§ **Exercise requirements**: Reproduce word for word the lines from the beginning of the entries to the line with "Line((2.5, 2.4), (2.5, -2.4))", both included, but none of the pictures.
──────── Input data ────────
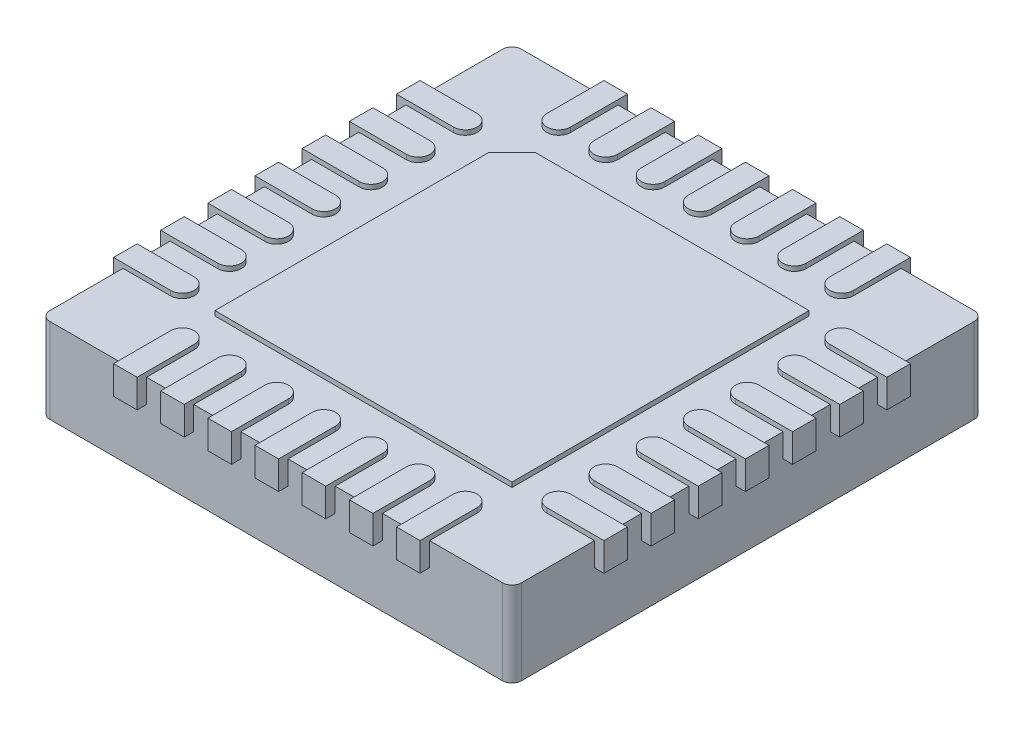
from build123d import *

# Parameters (mm, degrees)
BOSS_EXTRUDE1_DEPTH      = 0.9
BOSS_EXTRUDE2_DEPTH      = 0.05
BOSS_EXTRUDE2_DEPTH_BACK = 0.25
BOSS_EXTRUDE4_DEPTH      = 0.01


with BuildPart() as part:
    # Sketch1 → Boss-Extrude1 (new body)
    with BuildSketch(Plane(origin=(0, 0, 0), x_dir=(1, 0, 0), z_dir=(0, 1, 0))):
        with BuildLine():
            Line((2.4, -2.5), (-2.4, -2.5))
            ThreePointArc((-2.4, -2.5), (-2.470710678, -2.470710678), (-2.5, -2.4))
            Line((-2.5, -2.4), (-2.5, 2.4))
            ThreePointArc((-2.5, 2.4), (-2.470710678, 2.470710678), (-2.4, 2.5))
            Line((-2.4, 2.5), (2.4, 2.5))
            ThreePointArc((2.4, 2.5), (2.470710678, 2.470710678), (2.5, 2.4))
            Line((2.5, 2.4), (2.5, -2.4))
            ThreePointArc((2.5, -2.4), (2.470710678, -2.470710678), (2.4, -2.5))
        make_face()
    extrude(amount=BOSS_EXTRUDE1_DEPTH)

    # Sketch3 → Boss-Extrude2 (add, two sides: drawn at the far end of the back side and taken through both)
    with BuildSketch(Plane(origin=(0, 0.9, 0), x_dir=(1, 0, 0), z_dir=(0, 1, 0)).offset(-BOSS_EXTRUDE2_DEPTH_BACK)):
        Polygon((-1.575, 1.327512627), (-1.327512627, 1.575), (1.575, 1.575), (1.575, -1.575), (-1.575, -1.575), align=None)
        with BuildLine():
            Line((-1.625, 2.6), (-1.375, 2.6))
            Line((-1.375, 2.6), (-1.375, 1.995))
            ThreePointArc((-1.375, 1.995), (-1.5, 1.87), (-1.625, 1.995))
            Line((-1.625, 1.995), (-1.625, 2.6))
        make_face()
        with BuildLine():
            Line((-0.875, 2.6), (-0.875, 1.995))
            ThreePointArc((-0.875, 1.995), (-1, 1.87), (-1.125, 1.995))
            Line((-1.125, 1.995), (-1.125, 2.6))
            Line((-1.125, 2.6), (-0.875, 2.6))
        make_face()
        with BuildLine():
            Line((-0.375, 2.6), (-0.375, 1.995))
            ThreePointArc((-0.375, 1.995), (-0.5, 1.87), (-0.625, 1.995))
            Line((-0.625, 1.995), (-0.625, 2.6))
            Line((-0.625, 2.6), (-0.375, 2.6))
        make_face()
        with BuildLine():
            Line((0.125, 2.6), (0.125, 1.995))
            ThreePointArc((0.125, 1.995), (0, 1.87), (-0.125, 1.995))
            Line((-0.125, 1.995), (-0.125, 2.6))
            Line((-0.125, 2.6), (0.125, 2.6))
        make_face()
        with BuildLine():
            Line((0.625, 2.6), (0.625, 1.995))
            ThreePointArc((0.625, 1.995), (0.5, 1.87), (0.375, 1.995))
            Line((0.375, 1.995), (0.375, 2.6))
            Line((0.375, 2.6), (0.625, 2.6))
        make_face()
        with BuildLine():
            Line((1.125, 2.6), (1.125, 1.995))
            ThreePointArc((1.125, 1.995), (1, 1.87), (0.875, 1.995))
            Line((0.875, 1.995), (0.875, 2.6))
            Line((0.875, 2.6), (1.125, 2.6))
        make_face()
        with BuildLine():
            Line((1.625, 2.6), (1.625, 1.995))
            ThreePointArc((1.625, 1.995), (1.5, 1.87), (1.375, 1.995))
            Line((1.375, 1.995), (1.375, 2.6))
            Line((1.375, 2.6), (1.625, 2.6))
        make_face()
        with BuildLine():
            Line((-2.6, -1.375), (-2.6, -1.625))
            Line((-2.6, -1.625), (-1.995, -1.625))
            ThreePointArc((-1.995, -1.625), (-1.87, -1.5), (-1.995, -1.375))
            Line((-1.995, -1.375), (-2.6, -1.375))
        make_face()
        with BuildLine():
            Line((-2.6, -0.875), (-2.6, -1.125))
            Line((-2.6, -1.125), (-1.995, -1.125))
            ThreePointArc((-1.995, -1.125), (-1.87, -1), (-1.995, -0.875))
            Line((-1.995, -0.875), (-2.6, -0.875))
        make_face()
        with BuildLine():
            Line((-2.6, -0.375), (-2.6, -0.625))
            Line((-2.6, -0.625), (-1.995, -0.625))
            ThreePointArc((-1.995, -0.625), (-1.87, -0.5), (-1.995, -0.375))
            Line((-1.995, -0.375), (-2.6, -0.375))
        make_face()
        with BuildLine():
            Line((-2.6, 0.125), (-2.6, -0.125))
            Line((-2.6, -0.125), (-1.995, -0.125))
            ThreePointArc((-1.995, -0.125), (-1.87, 0), (-1.995, 0.125))
            Line((-1.995, 0.125), (-2.6, 0.125))
        make_face()
        with BuildLine():
            Line((-2.6, 0.625), (-2.6, 0.375))
            Line((-2.6, 0.375), (-1.995, 0.375))
            ThreePointArc((-1.995, 0.375), (-1.87, 0.5), (-1.995, 0.625))
            Line((-1.995, 0.625), (-2.6, 0.625))
        make_face()
        with BuildLine():
            Line((-2.6, 1.125), (-2.6, 0.875))
            Line((-2.6, 0.875), (-1.995, 0.875))
            ThreePointArc((-1.995, 0.875), (-1.87, 1), (-1.995, 1.125))
            Line((-1.995, 1.125), (-2.6, 1.125))
        make_face()
        with BuildLine():
            Line((-2.6, 1.625), (-2.6, 1.375))
            Line((-2.6, 1.375), (-1.995, 1.375))
            ThreePointArc((-1.995, 1.375), (-1.87, 1.5), (-1.995, 1.625))
            Line((-1.995, 1.625), (-2.6, 1.625))
        make_face()
        with BuildLine():
            Line((2.6, 1.375), (2.6, 1.625))
            Line((2.6, 1.625), (1.995, 1.625))
            ThreePointArc((1.995, 1.625), (1.87, 1.5), (1.995, 1.375))
            Line((1.995, 1.375), (2.6, 1.375))
        make_face()
        with BuildLine():
            Line((2.6, 0.875), (2.6, 1.125))
            Line((2.6, 1.125), (1.995, 1.125))
            ThreePointArc((1.995, 1.125), (1.87, 1), (1.995, 0.875))
            Line((1.995, 0.875), (2.6, 0.875))
        make_face()
        with BuildLine():
            Line((2.6, 0.375), (2.6, 0.625))
            Line((2.6, 0.625), (1.995, 0.625))
            ThreePointArc((1.995, 0.625), (1.87, 0.5), (1.995, 0.375))
            Line((1.995, 0.375), (2.6, 0.375))
        make_face()
        with BuildLine():
            Line((2.6, -0.125), (2.6, 0.125))
            Line((2.6, 0.125), (1.995, 0.125))
            ThreePointArc((1.995, 0.125), (1.87, 0), (1.995, -0.125))
            Line((1.995, -0.125), (2.6, -0.125))
        make_face()
        with BuildLine():
            Line((2.6, -0.625), (2.6, -0.375))
            Line((2.6, -0.375), (1.995, -0.375))
            ThreePointArc((1.995, -0.375), (1.87, -0.5), (1.995, -0.625))
            Line((1.995, -0.625), (2.6, -0.625))
        make_face()
        with BuildLine():
            Line((2.6, -1.125), (2.6, -0.875))
            Line((2.6, -0.875), (1.995, -0.875))
            ThreePointArc((1.995, -0.875), (1.87, -1), (1.995, -1.125))
            Line((1.995, -1.125), (2.6, -1.125))
        make_face()
        with BuildLine():
            Line((2.6, -1.625), (2.6, -1.375))
            Line((2.6, -1.375), (1.995, -1.375))
            ThreePointArc((1.995, -1.375), (1.87, -1.5), (1.995, -1.625))
            Line((1.995, -1.625), (2.6, -1.625))
        make_face()
        with BuildLine():
            Line((1.625, -2.6), (1.625, -1.995))
            ThreePointArc((1.625, -1.995), (1.5, -1.87), (1.375, -1.995))
            Line((1.375, -1.995), (1.375, -2.6))
            Line((1.375, -2.6), (1.625, -2.6))
        make_face()
        with BuildLine():
            Line((1.125, -2.6), (1.125, -1.995))
            ThreePointArc((1.125, -1.995), (1, -1.87), (0.875, -1.995))
            Line((0.875, -1.995), (0.875, -2.6))
            Line((0.875, -2.6), (1.125, -2.6))
        make_face()
        with BuildLine():
            Line((0.625, -2.6), (0.625, -1.995))
            ThreePointArc((0.625, -1.995), (0.5, -1.87), (0.375, -1.995))
            Line((0.375, -1.995), (0.375, -2.6))
            Line((0.375, -2.6), (0.625, -2.6))
        make_face()
        with BuildLine():
            Line((0.125, -2.6), (0.125, -1.995))
            ThreePointArc((0.125, -1.995), (0, -1.87), (-0.125, -1.995))
            Line((-0.125, -1.995), (-0.125, -2.6))
            Line((-0.125, -2.6), (0.125, -2.6))
        make_face()
        with BuildLine():
            Line((-0.375, -2.6), (-0.375, -1.995))
            ThreePointArc((-0.375, -1.995), (-0.5, -1.87), (-0.625, -1.995))
            Line((-0.625, -1.995), (-0.625, -2.6))
            Line((-0.625, -2.6), (-0.375, -2.6))
        make_face()
        with BuildLine():
            Line((-0.875, -2.6), (-0.875, -1.995))
            ThreePointArc((-0.875, -1.995), (-1, -1.87), (-1.125, -1.995))
            Line((-1.125, -1.995), (-1.125, -2.6))
            Line((-1.125, -2.6), (-0.875, -2.6))
        make_face()
        with BuildLine():
            Line((-1.375, -2.6), (-1.375, -1.995))
            ThreePointArc((-1.375, -1.995), (-1.5, -1.87), (-1.625, -1.995))
            Line((-1.625, -1.995), (-1.625, -2.6))
            Line((-1.625, -2.6), (-1.375, -2.6))
        make_face()
    extrude(amount=BOSS_EXTRUDE2_DEPTH + BOSS_EXTRUDE2_DEPTH_BACK)

    # Sketch4 → Boss-Extrude4 (add)
    # profile 1 of 5: a face of its own
    with BuildSketch(Plane.XZ):
        with BuildLine():
            add(Edge.make_bspline(
                [(-1.973357372, -0.180765499), (-1.981477517, -0.176498283), (-1.997364051, -0.168149754), (-2.019995019, -0.15466662), (-2.041117437, -0.140948002), (-2.06034063, -0.126500661), (-2.077853063, -0.111631698), (-2.09370863, -0.096380456), (-2.108077846, -0.080795169), (-2.120467065, -0.064475169), (-2.131459489, -0.047710673), (-2.140771421, -0.030295064), (-2.148898372, -0.012479999), (-2.155277016, 0.006004991), (-2.160543318, 0.024906317), (-2.164164125, 0.044477604), (-2.16611203, 0.064587298), (-2.166480233, 0.078178258), (-2.166666667, 0.085059822)],
                knots=[0, 0, 0, 0, 1.264219729, 2.473363326, 3.62979159, 4.734286947, 5.785533755, 6.79450939, 7.765315851, 8.704182021, 9.615576613, 10.525715488, 11.423813905, 12.311666436, 13.218214638, 14.126256791, 15.051260205, 16, 16, 16, 16], degree=3))
            add(Edge.make_bspline(
                [(-2.166666667, 0.085059822), (-2.166447496, 0.09468816), (-2.166013675, 0.113746255), (-2.162195719, 0.141867684), (-2.156556093, 0.169289895), (-2.147988961, 0.195702027), (-2.137446698, 0.221329116), (-2.124143755, 0.245825897), (-2.109129663, 0.269895558), (-2.097055177, 0.284700144), (-2.090945513, 0.292191232)],
                knots=[0, 0, 0, 0, 1.02531512, 2.029483338, 3.018748588, 4.004195107, 4.983200899, 5.966616707, 6.971112471, 8, 8, 8, 8], degree=3))
            add(Edge.make_bspline(
                [(-2.090945513, 0.292191232), (-2.082992234, 0.30093231), (-2.067183959, 0.318306451), (-2.040103122, 0.340863826), (-2.010382584, 0.359820795), (-1.978137346, 0.375269908), (-1.943453603, 0.387294439), (-1.906338744, 0.395935159), (-1.866720415, 0.400884424), (-1.83949028, 0.40159985), (-1.825520833, 0.401966873)],
                knots=[0, 0, 0, 0, 0.954267603, 1.896743057, 2.838368354, 3.796610408, 4.779680527, 5.799409237, 6.871065594, 8, 8, 8, 8], degree=3))
            add(Edge.make_bspline(
                [(-1.825520833, 0.401966873), (-1.812088746, 0.40163671), (-1.785951268, 0.400994246), (-1.747901901, 0.396665146), (-1.712390855, 0.389000983), (-1.679249764, 0.378727923), (-1.648799092, 0.365028552), (-1.620983473, 0.348237124), (-1.595395219, 0.328732732), (-1.572837066, 0.306045982), (-1.552815461, 0.281741552), (-1.535212542, 0.256675166), (-1.520663785, 0.230865069), (-1.508123925, 0.204703859), (-1.498791835, 0.177661454), (-1.492172901, 0.150015372), (-1.488015287, 0.121844151), (-1.487459227, 0.102835651), (-1.487179487, 0.093272963)],
                knots=[0, 0, 0, 0, 1.256864279, 2.445730223, 3.576845088, 4.651810441, 5.686528262, 6.692706664, 7.686234615, 8.689148594, 9.678739427, 10.630299996, 11.55097961, 12.448208961, 13.341360817, 14.221834469, 15.105450545, 16, 16, 16, 16], degree=3))
            add(Edge.make_bspline(
                [(-1.487179487, 0.093272963), (-1.487344636, 0.086256067), (-1.48767103, 0.072388203), (-1.489928973, 0.051899595), (-1.493562128, 0.031958688), (-1.498485388, 0.012486775), (-1.505218805, -0.006413404), (-1.51320704, -0.024839317), (-1.522611109, -0.042790431), (-1.53380132, -0.059993446), (-1.546130032, -0.077057733), (-1.560765346, -0.093135972), (-1.576731536, -0.109172577), (-1.594979073, -0.124192363), (-1.614522456, -0.139436175), (-1.636273144, -0.1536299), (-1.659505878, -0.167881289), (-1.6760225, -0.176397074), (-1.684495192, -0.180765499)],
                knots=[0, 0, 0, 0, 0.941575622, 1.860885767, 2.762557628, 3.660168386, 4.552890429, 5.45184204, 6.353736508, 7.268493418, 8.204037487, 9.175167802, 10.182660057, 11.238220596, 12.344046335, 13.507168087, 14.721227736, 16, 16, 16, 16], degree=3))
            add(Edge.make_bspline(
                [(-1.684495192, -0.180765499), (-1.672911776, -0.187108088), (-1.650518112, -0.199369911), (-1.620583203, -0.221617269), (-1.595225803, -0.246149122), (-1.574715395, -0.273002386), (-1.558521389, -0.301294488), (-1.547072042, -0.330876486), (-1.539598792, -0.361418442), (-1.538841745, -0.382245024), (-1.538461538, -0.392704601)],
                knots=[0, 0, 0, 0, 1.16701039, 2.256125286, 3.287752239, 4.277689688, 5.235169525, 6.160862735, 7.076343936, 8, 8, 8, 8], degree=3))
            add(Edge.make_bspline(
                [(-1.538461538, -0.392704601), (-1.538929631, -0.403360555), (-1.53987058, -0.42478088), (-1.547453052, -0.456675915), (-1.559903073, -0.488019119), (-1.576546897, -0.518737859), (-1.59772822, -0.547432404), (-1.622799276, -0.573376403), (-1.651728528, -0.595898399), (-1.68388012, -0.614936887), (-1.718417911, -0.630506172), (-1.75491982, -0.64113509), (-1.792735292, -0.648125738), (-1.818477978, -0.648914996), (-1.831530449, -0.649315178)],
                knots=[0, 0, 0, 0, 0.888724595, 1.786491426, 2.720083884, 3.697804067, 4.69440576, 5.687697823, 6.7000873, 7.744853364, 8.800284131, 9.853047784, 10.91141782, 12, 12, 12, 12], degree=3))
            add(Edge.make_bspline(
                [(-1.831530449, -0.649315178), (-1.844246299, -0.648903723), (-1.869320507, -0.648092379), (-1.906232059, -0.641258723), (-1.941579721, -0.629973356), (-1.97516538, -0.614602647), (-2.006274408, -0.595450293), (-2.033958563, -0.572680446), (-2.058443846, -0.547019136), (-2.078673109, -0.518229951), (-2.094901251, -0.487513259), (-2.106587382, -0.455649909), (-2.11397545, -0.423021893), (-2.114914254, -0.400955751), (-2.115384615, -0.389900114)],
                knots=[0, 0, 0, 0, 1.072634126, 2.115112298, 3.156050586, 4.19761425, 5.225177188, 6.230426315, 7.215180151, 8.209739481, 9.190420596, 10.139012357, 11.067603024, 12, 12, 12, 12], degree=3))
            add(Edge.make_bspline(
                [(-2.115384615, -0.389900114), (-2.114972261, -0.379050591), (-2.114162422, -0.357742745), (-2.107439629, -0.326725597), (-2.095941566, -0.297737551), (-2.080430643, -0.270332542), (-2.060072203, -0.244948501), (-2.035277302, -0.221459363), (-2.006367682, -0.199405729), (-1.98460677, -0.187117798), (-1.973357372, -0.180765499)],
                knots=[0, 0, 0, 0, 0.975463758, 1.915755378, 2.838359076, 3.772025586, 4.738400888, 5.753889765, 6.838863581, 8, 8, 8, 8], degree=3))
        make_face()
        with BuildLine():
            add(Edge.make_bspline(
                [(-1.826522436, -0.546751076), (-1.819507675, -0.546565552), (-1.805783735, -0.546202587), (-1.785664691, -0.54429168), (-1.766517375, -0.540621127), (-1.748237081, -0.535592518), (-1.730761189, -0.529335922), (-1.714490452, -0.521092642), (-1.69887808, -0.511930203), (-1.684436251, -0.501183079), (-1.67136273, -0.489457734), (-1.65968577, -0.477212459), (-1.650172672, -0.464086267), (-1.641988205, -0.450735844), (-1.635910094, -0.43660745), (-1.631592415, -0.422010428), (-1.628536759, -0.406852323), (-1.628316531, -0.396525965), (-1.628205128, -0.391302358)],
                knots=[0, 0, 0, 0, 1.20353747, 2.354645537, 3.462130888, 4.543058862, 5.604822423, 6.639552563, 7.666902586, 8.706944258, 9.720926464, 10.677177239, 11.602682187, 12.496457588, 13.358248655, 14.231532794, 15.105417644, 16, 16, 16, 16], degree=3))
            add(Edge.make_bspline(
                [(-1.628205128, -0.391302358), (-1.628408301, -0.386081708), (-1.628809799, -0.375764955), (-1.631715859, -0.360468928), (-1.636574814, -0.345633255), (-1.643237487, -0.331119443), (-1.65178778, -0.316964744), (-1.662165283, -0.303114919), (-1.674820272, -0.289936215), (-1.688795199, -0.277054728), (-1.704060334, -0.265186823), (-1.720101214, -0.25458576), (-1.737034906, -0.246134687), (-1.754354286, -0.238724823), (-1.772425618, -0.233166565), (-1.791124298, -0.229162168), (-1.810430352, -0.226685199), (-1.823510296, -0.226388415), (-1.830128205, -0.226238255)],
                knots=[0, 0, 0, 0, 0.873213166, 1.72559466, 2.594724523, 3.479581045, 4.391597569, 5.35687048, 6.368548091, 7.443976143, 8.534559525, 9.600545123, 10.654815915, 11.696401765, 12.749428718, 13.812189468, 14.893058657, 16, 16, 16, 16], degree=3))
            add(Edge.make_bspline(
                [(-1.830128205, -0.226238255), (-1.838628744, -0.226486388), (-1.855545862, -0.226980203), (-1.880475288, -0.231613421), (-1.904775719, -0.238809247), (-1.927987349, -0.249022422), (-1.949694745, -0.261474736), (-1.969285668, -0.276159498), (-1.985940275, -0.293421571), (-2.000109107, -0.312259621), (-2.011187128, -0.332242242), (-2.019673065, -0.352377365), (-2.024670533, -0.372830843), (-2.025320163, -0.386536245), (-2.025641026, -0.393305563)],
                knots=[0, 0, 0, 0, 1.076561449, 2.142489767, 3.202892658, 4.283174188, 5.348766409, 6.369549039, 7.375093932, 8.378927502, 9.349008457, 10.26378795, 11.142457041, 12, 12, 12, 12], degree=3))
            add(Edge.make_bspline(
                [(-2.025641026, -0.393305563), (-2.025491866, -0.398057426), (-2.025195805, -0.407489195), (-2.02265726, -0.42146298), (-2.018697904, -0.435127579), (-2.012926584, -0.448402774), (-2.005945083, -0.461596959), (-1.997045937, -0.474296221), (-1.986732335, -0.486884874), (-1.974855385, -0.498948558), (-1.961436881, -0.510274268), (-1.946368278, -0.520091885), (-1.929782551, -0.528278684), (-1.911902058, -0.535156608), (-1.892537841, -0.5402649), (-1.871856621, -0.544109074), (-1.849671791, -0.546271329), (-1.834406248, -0.546587692), (-1.826522436, -0.546751076)],
                knots=[0, 0, 0, 0, 0.814035228, 1.61574325, 2.427118093, 3.24780647, 4.092880925, 4.981933388, 5.900917883, 6.880367106, 7.87994501, 8.905470125, 9.95492938, 11.0455354, 12.184050453, 13.382997595, 14.64846247, 16, 16, 16, 16], degree=3))
        make_face(mode=Mode.SUBTRACT)
        with BuildLine():
            add(Edge.make_bspline(
                [(-1.832331731, -0.123674152), (-1.823438674, -0.123515924), (-1.805992665, -0.123205518), (-1.780433198, -0.119752015), (-1.755904979, -0.114941289), (-1.732483306, -0.107655189), (-1.710288405, -0.098174982), (-1.689007924, -0.086933081), (-1.66897511, -0.073458552), (-1.650279502, -0.058078138), (-1.633163171, -0.041410752), (-1.618092002, -0.023807767), (-1.605359001, -0.005508208), (-1.595026028, 0.013511071), (-1.587009981, 0.033208163), (-1.581094015, 0.053594565), (-1.577659213, 0.07472714), (-1.577169824, 0.089054175), (-1.576923077, 0.096277771)],
                knots=[0, 0, 0, 0, 1.140332253, 2.237053636, 3.304055028, 4.344690294, 5.377465719, 6.397042765, 7.428360044, 8.469453732, 9.499453352, 10.490108612, 11.438398528, 12.354680514, 13.261581007, 14.161901135, 15.073242693, 16, 16, 16, 16], degree=3))
            add(Edge.make_bspline(
                [(-1.576923077, 0.096277771), (-1.577319777, 0.105256461), (-1.578109702, 0.123135176), (-1.584151696, 0.149491577), (-1.594074398, 0.174999892), (-1.607994779, 0.199300366), (-1.624974388, 0.222098367), (-1.645616416, 0.242250359), (-1.669417587, 0.259485064), (-1.696182363, 0.273889741), (-1.725521799, 0.285298441), (-1.757254582, 0.293460587), (-1.791165764, 0.298590841), (-1.814551151, 0.299127862), (-1.826522436, 0.299402771)],
                knots=[0, 0, 0, 0, 0.899105568, 1.790333855, 2.694925079, 3.632758987, 4.588257081, 5.534574046, 6.511571685, 7.523527334, 8.572244311, 9.657983075, 10.801090915, 12, 12, 12, 12], degree=3))
            add(Edge.make_bspline(
                [(-1.826522436, 0.299402771), (-1.835879035, 0.299221013), (-1.854108691, 0.298866891), (-1.88071366, 0.295806148), (-1.905761578, 0.290806496), (-1.929492412, 0.284027504), (-1.95172953, 0.275041357), (-1.972442619, 0.2638797), (-1.991913737, 0.251130675), (-2.009310725, 0.236036933), (-2.025128865, 0.219885694), (-2.038984308, 0.202877907), (-2.050710274, 0.185183904), (-2.060162529, 0.166814043), (-2.067668522, 0.147835832), (-2.073079489, 0.128171365), (-2.07641442, 0.107743403), (-2.076751973, 0.093886628), (-2.076923077, 0.086862706)],
                knots=[0, 0, 0, 0, 1.224631902, 2.385975653, 3.500340538, 4.565441647, 5.612488581, 6.63322211, 7.641830068, 8.652595074, 9.641693811, 10.598750962, 11.520088299, 12.415429315, 13.298523938, 14.187139574, 15.081071174, 16, 16, 16, 16], degree=3))
            add(Edge.make_bspline(
                [(-2.076923077, 0.086862706), (-2.076665973, 0.080039832), (-2.076159009, 0.066586316), (-2.072895155, 0.046664289), (-2.067292197, 0.027338235), (-2.05912214, 0.00869532), (-2.049088895, -0.009481323), (-2.036694636, -0.027039098), (-2.022090424, -0.04402662), (-2.005312005, -0.060094137), (-1.987127988, -0.074947827), (-1.967856901, -0.088147977), (-1.947410918, -0.098936581), (-1.926195067, -0.107999768), (-1.903995473, -0.115062767), (-1.880919212, -0.120015435), (-1.856922568, -0.123128183), (-1.840621282, -0.123490107), (-1.832331731, -0.123674152)],
                knots=[0, 0, 0, 0, 0.917336384, 1.808827106, 2.706624561, 3.615530867, 4.539869921, 5.493819324, 6.499753197, 7.547410123, 8.613069608, 9.653934021, 10.682176708, 11.716048074, 12.752411263, 13.808993382, 14.885826486, 16, 16, 16, 16], degree=3))
        make_face(mode=Mode.SUBTRACT)
    # profile 2 of 5: a face of its own
    with BuildSketch(Plane.XZ):
        with BuildLine():
            Line((-0.846153846, -0.315981845), (-0.756410256, -0.315981845))
            add(Edge.make_bspline(
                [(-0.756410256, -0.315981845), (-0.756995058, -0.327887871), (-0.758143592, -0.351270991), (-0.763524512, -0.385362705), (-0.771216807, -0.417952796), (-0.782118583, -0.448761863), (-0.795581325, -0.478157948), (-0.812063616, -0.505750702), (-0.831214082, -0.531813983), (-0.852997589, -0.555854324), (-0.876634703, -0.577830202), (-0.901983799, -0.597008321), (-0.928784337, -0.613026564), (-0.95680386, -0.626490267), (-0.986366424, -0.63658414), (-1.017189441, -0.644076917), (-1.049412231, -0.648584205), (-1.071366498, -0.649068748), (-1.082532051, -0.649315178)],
────────
§ **Response to this exercise**:
from build123d import *

# Parameters (mm, degrees)
BOSS_EXTRUDE1_DEPTH      = 0.9
BOSS_EXTRUDE2_DEPTH      = 0.05
BOSS_EXTRUDE2_DEPTH_BACK = 0.25
BOSS_EXTRUDE4_DEPTH      = 0.01


with BuildPart() as part:
    # Sketch1 → Boss-Extrude1 (new body)
    with BuildSketch(Plane(origin=(0, 0, 0), x_dir=(1, 0, 0), z_dir=(0, 1, 0))):
        with BuildLine():
            Line((2.4, -2.5), (-2.4, -2.5))
            ThreePointArc((-2.4, -2.5), (-2.470710678, -2.470710678), (-2.5, -2.4))
            Line((-2.5, -2.4), (-2.5, 2.4))
            ThreePointArc((-2.5, 2.4), (-2.470710678, 2.470710678), (-2.4, 2.5))
            Line((-2.4, 2.5), (2.4, 2.5))
            ThreePointArc((2.4, 2.5), (2.470710678, 2.470710678), (2.5, 2.4))
            Line((2.5, 2.4), (2.5, -2.4))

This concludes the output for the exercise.